> [PROMPT]: Beginning with the line below that contains "[P_s] -> Chart/3(PURP_s)" and ending with the line that contains "MATLAB Function : MATLAB", retype every line exactly. Pictures are not copied.

> [RECORDS FOR THIS EXERCISE]:
- - - -

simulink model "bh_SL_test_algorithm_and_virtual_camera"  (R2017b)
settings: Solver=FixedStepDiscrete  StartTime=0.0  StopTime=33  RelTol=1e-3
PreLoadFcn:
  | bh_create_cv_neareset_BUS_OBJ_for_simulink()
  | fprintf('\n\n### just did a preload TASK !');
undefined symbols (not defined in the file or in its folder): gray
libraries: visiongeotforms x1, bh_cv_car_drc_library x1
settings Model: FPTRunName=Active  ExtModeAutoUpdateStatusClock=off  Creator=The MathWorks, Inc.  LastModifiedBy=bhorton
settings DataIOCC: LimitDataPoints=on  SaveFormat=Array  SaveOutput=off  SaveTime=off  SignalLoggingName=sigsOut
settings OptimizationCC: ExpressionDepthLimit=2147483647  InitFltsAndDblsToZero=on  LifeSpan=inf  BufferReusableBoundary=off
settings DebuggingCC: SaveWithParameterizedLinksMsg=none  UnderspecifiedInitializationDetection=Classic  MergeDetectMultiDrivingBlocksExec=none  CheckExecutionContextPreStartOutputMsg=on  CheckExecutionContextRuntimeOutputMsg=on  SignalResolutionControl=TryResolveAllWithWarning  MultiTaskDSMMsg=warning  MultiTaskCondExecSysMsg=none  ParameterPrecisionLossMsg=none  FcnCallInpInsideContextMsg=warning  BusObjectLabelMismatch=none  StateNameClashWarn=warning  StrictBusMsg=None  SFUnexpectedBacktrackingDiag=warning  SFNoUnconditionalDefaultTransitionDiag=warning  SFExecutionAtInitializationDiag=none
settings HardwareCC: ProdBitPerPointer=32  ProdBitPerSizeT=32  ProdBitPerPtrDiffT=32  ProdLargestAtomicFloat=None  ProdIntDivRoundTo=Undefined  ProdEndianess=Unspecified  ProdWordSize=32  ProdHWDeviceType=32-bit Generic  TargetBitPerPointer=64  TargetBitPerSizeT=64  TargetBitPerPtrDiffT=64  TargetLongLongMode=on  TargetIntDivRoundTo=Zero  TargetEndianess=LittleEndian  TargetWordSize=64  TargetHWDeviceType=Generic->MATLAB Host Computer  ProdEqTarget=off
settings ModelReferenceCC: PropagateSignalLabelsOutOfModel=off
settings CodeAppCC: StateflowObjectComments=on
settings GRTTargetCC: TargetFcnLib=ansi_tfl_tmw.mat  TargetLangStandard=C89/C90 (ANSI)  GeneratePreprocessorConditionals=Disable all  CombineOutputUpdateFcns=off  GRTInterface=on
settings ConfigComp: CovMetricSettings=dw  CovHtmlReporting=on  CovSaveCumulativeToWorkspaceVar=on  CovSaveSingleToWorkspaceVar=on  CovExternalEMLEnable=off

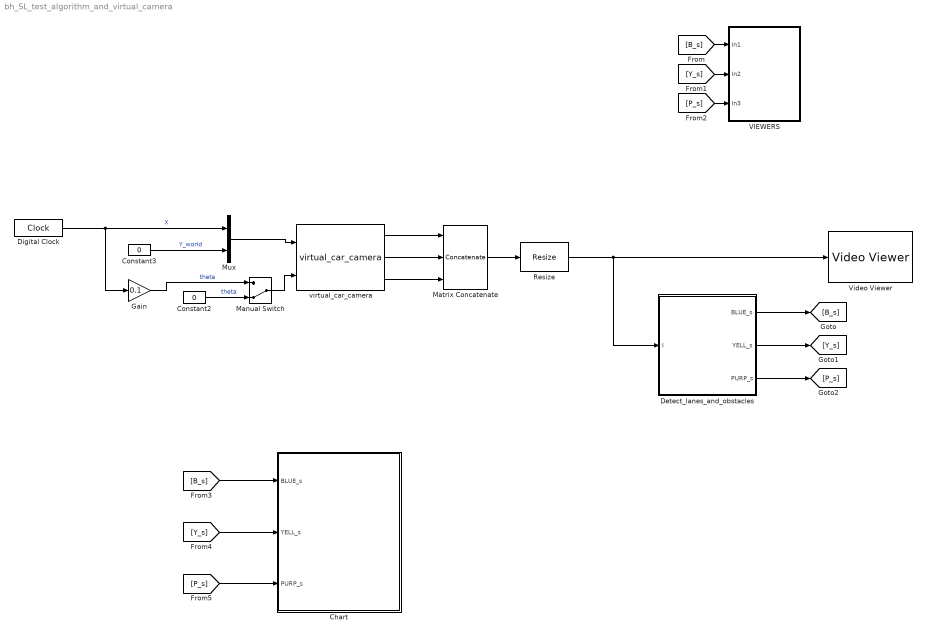
== system bh_SL_test_algorithm_and_virtual_camera ==
  Chart : Stateflow chart  TreatAsAtomicUnit=on
  Constant2 : Constant  Value=0
  Constant3 : Constant  Value=0
  Detect_lanes_and_obstacles : Subsystem
  Digital Clock : DigitalClock  SampleTime=0.1
  Gain : Gain  Gain=0.1
  Manual Switch : ManualSwitch  CurrentSetting=0
  Matrix Concatenate : Concatenate  NumInputs=3  Mode=Multidimensional array  ConcatenateDimension=3
  Mux : Mux  Inputs=2
  Resize : visiongeotforms/Resize  specify=Number of output rows and columns  rfactor=[180 240]  outCols=25  outRows=25  outRowsCols=[180 240]  interp_method=Bilinear  antialias=off  useROI=off  roiFlag=off  prodOutputMode=Binary point scaling  prodOutputWordLength=32  prodOutputFracLength=10  roundingMode=Nearest  overflowMode=on
      settings: SourceProductName=Computer Vision System Toolbox  SourceProductBaseCode=VP
  VIEWERS : Subsystem
  Video Viewer : VideoViewer  colormapValue=gray(256)  FigPos=[2034 1219 418 304]
  virtual_car_camera : bh_cv_car_drc_library/CAR_things/virtual_car_camera  W=320  H=240  Ts=0.1  init_cam_pos_wrt_W=[0,0]  height_of_cam=0.4  init_veh_THETA_wrt_W=0  horz_look_dist=11  cam_va=45
  wires:
  Matrix Concatenate/1 -> Resize/1
  Resize/1 -> Detect_lanes_and_obstacles/1(I), Video Viewer/1
  Mux/1 -> virtual_car_camera/1
  Gain/1 -> Manual Switch/1  "theta"
  virtual_car_camera/3 -> Matrix Concatenate/3
  virtual_car_camera/1 -> Matrix Concatenate/1
  Constant2/1 -> Manual Switch/2  "theta"
  virtual_car_camera/2 -> Matrix Concatenate/2
  Digital Clock/1 -> Gain/1, Mux/1  "X"
  Constant3/1 -> Mux/2  "Y_world"
  Manual Switch/1 -> virtual_car_camera/2
  Detect_lanes_and_obstacles/1(BLUE_s) -> [B_s]
  Detect_lanes_and_obstacles/2(YELL_s) -> [Y_s]
  Detect_lanes_and_obstacles/3(PURP_s) -> [P_s]
  [P_s] -> VIEWERS/3(In3)
  [Y_s] -> VIEWERS/2(In2)
  [B_s] -> VIEWERS/1(In1)
  [P_s] -> Chart/3(PURP_s)
  [Y_s] -> Chart/2(YELL_s)
  [B_s] -> Chart/1(BLUE_s)

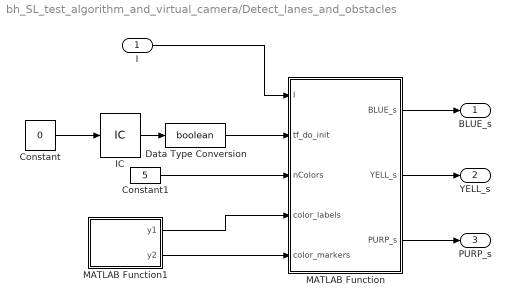
== system bh_SL_test_algorithm_and_virtual_camera/Detect_lanes_and_obstacles ==
  I : Inport
  Constant : Constant  Value=0  OutDataTypeStr=boolean
  Constant1 : Constant  Value=5  OutDataTypeStr=double
  Data Type Conversion : DataTypeConversion  OutDataTypeStr=boolean
  IC : InitialCondition
  MATLAB Function : MATLAB Function  TreatAsAtomicUnit=on
  MATLAB Function1 : MATLAB Function  TreatAsAtomicUnit=on
  BLUE_s : Outport
  YELL_s : Outport  Port=2
  PURP_s : Outport  Port=3
  wires:
  Constant/1 -> IC/1
  Data Type Conversion/1 -> MATLAB Function/2(tf_do_init)
  IC/1 -> Data Type Conversion/1
  Constant1/1 -> MATLAB Function/3(nColors)
  MATLAB Function1/1(y1) -> MATLAB Function/4(color_labels)
  MATLAB Function1/2(y2) -> MATLAB Function/5(color_markers)
  I/1 -> MATLAB Function/1(I)
  MATLAB Function/3(PURP_s) -> PURP_s/1
  MATLAB Function/2(YELL_s) -> YELL_s/1
  MATLAB Function/1(BLUE_s) -> BLUE_s/1

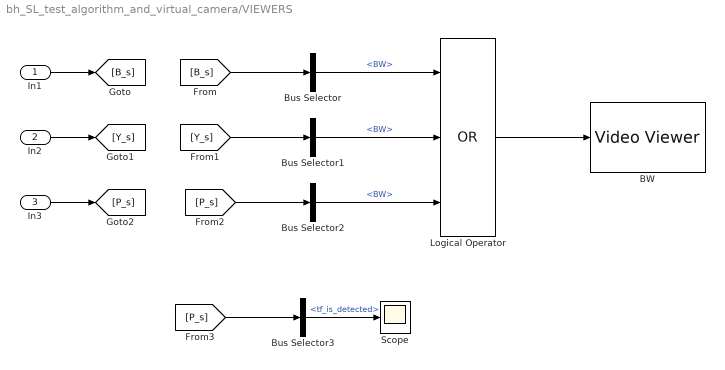
== system bh_SL_test_algorithm_and_virtual_camera/VIEWERS ==
  In1 : Inport
  In2 : Inport  Port=2
  In3 : Inport  Port=3
  BW : VideoViewer  colormapValue=gray(256)  FigPos=[2041 741 418 304]
  Bus Selector : BusSelector  OutputSignals=BW
  Bus Selector1 : BusSelector  OutputSignals=BW
  Bus Selector2 : BusSelector  OutputSignals=BW
  Bus Selector3 : BusSelector  OutputSignals=tf_is_detected
  Logical Operator : Logic  Operator=OR  Inputs=3  AllPortsSameDT=off  OutDataTypeStr=boolean
  Scope : Scope
  wires:
  [P_s] -> Bus Selector2/1
  [B_s] -> Bus Selector/1
  Logical Operator/1 -> BW/1
  [Y_s] -> Bus Selector1/1
  Bus Selector/1 -> Logical Operator/1  "<BW>"
  Bus Selector1/1 -> Logical Operator/2  "<BW>"
  Bus Selector2/1 -> Logical Operator/3  "<BW>"
  In3/1 -> [P_s]
  In2/1 -> [Y_s]
  In1/1 -> [B_s]
  [P_s] -> Bus Selector3/1
  Bus Selector3/1 -> Scope/1  "<tf_is_detected>"

== matlab function bh_SL_test_algorithm_and_virtual_camera/Detect_lanes_and_obstacles/MATLAB Function1 ==
  data: y1 output; y2 output
function [y1, y2] = fcn()

y1 = [0,1,2,3,4];

y2 = [ ...
       -7.8436  -30.0394;
      -10.2908   36.4110;
       42.5297   -8.7231;
        2.1904    1.6907;
        4.0686    3.2113;
        ];
    
end

== matlab function bh_SL_test_algorithm_and_virtual_camera/Detect_lanes_and_obstacles/MATLAB Function ==
  data: I input; BLUE_s output Bus: lane_info_BUS; tf_do_init input; YELL_s output Bus: lane_info_BUS; PURP_s output Bus: box_info_BUS; nColors input; color_labels input; color_markers input
function [BLUE_s, YELL_s, PURP_s] = fcn(I, tf_do_init, ...
                                        nColors, color_labels, color_markers)

coder.extrinsic('bh_my_ALGORITHM_for_codegen')

marker_s.nColors       = nColors;
marker_s.color_labels  = color_labels;
marker_s.color_markers = color_markers;

[BLUE_s, YELL_s, PURP_s] = bh_my_ALGORITHM_for_codegen(I, tf_do_init, marker_s);

end

== stateflow chart bh_SL_test_algorithm_and_virtual_camera/Chart ==
  state DETECTION_SUMMARY
    state OUTER [parallel]
      settings: executionOrder=1
      state NOT_Detected
      state Detected
      (default) -> (junction 15)
      (junction 15) -> DETECTION_SUMMARY.OUTER.NOT_Detected [order 1] : [~BLUE_s.tf_is_detected]
      (junction 15) -> DETECTION_SUMMARY.OUTER.Detected [order 2] : [BLUE_s.tf_is_detected]
      DETECTION_SUMMARY.OUTER.NOT_Detected -> DETECTION_SUMMARY.OUTER.Detected : [BLUE_s.tf_is_detected]
      DETECTION_SUMMARY.OUTER.Detected -> DETECTION_SUMMARY.OUTER.NOT_Detected : [~BLUE_s.tf_is_detected]
    state INNER [parallel]
      settings: executionOrder=2
      state NOT_Detected
      state Detected
      (default) -> (junction 30)
      (junction 30) -> DETECTION_SUMMARY.INNER.NOT_Detected [order 1] : [~YELL_s.tf_is_detected]
      (junction 30) -> DETECTION_SUMMARY.INNER.Detected [order 2] : [YELL_s.tf_is_detected]
      DETECTION_SUMMARY.INNER.NOT_Detected -> DETECTION_SUMMARY.INNER.Detected : [YELL_s.tf_is_detected]
      DETECTION_SUMMARY.INNER.Detected -> DETECTION_SUMMARY.INNER.NOT_Detected : [~YELL_s.tf_is_detected]
    state PURPLE [parallel]
      settings: executionOrder=3
      state NOT_Detected
      state Detected
      (default) -> (junction 41)
      (junction 41) -> DETECTION_SUMMARY.PURPLE.NOT_Detected [order 1] : [~PURP_s.tf_is_detected]
      (junction 41) -> DETECTION_SUMMARY.PURPLE.Detected [order 2] : [PURP_s.tf_is_detected]
      DETECTION_SUMMARY.PURPLE.NOT_Detected -> DETECTION_SUMMARY.PURPLE.Detected : [PURP_s.tf_is_detected]
      DETECTION_SUMMARY.PURPLE.Detected -> DETECTION_SUMMARY.PURPLE.NOT_Detected : [~PURP_s.tf_is_detected]
    state ? [parallel] [commented out]
  (default) -> DETECTION_SUMMARY
  data: BLUE_s input Bus: lane_info_BUS; YELL_s input Bus: lane_info_BUS; PURP_s input Bus: box_info_BUS

- - - -

> [EXERCISE SOLUTION]:
  [P_s] -> Chart/3(PURP_s)
  [Y_s] -> Chart/2(YELL_s)
  [B_s] -> Chart/1(BLUE_s)

== system bh_SL_test_algorithm_and_virtual_camera/Detect_lanes_and_obstacles ==
  I : Inport
  Constant : Constant  Value=0  OutDataTypeStr=boolean
  Constant1 : Constant  Value=5  OutDataTypeStr=double
  Data Type Conversion : DataTypeConversion  OutDataTypeStr=boolean
  IC : InitialCondition
  MATLAB Function : MATLAB Function  TreatAsAtomicUnit=on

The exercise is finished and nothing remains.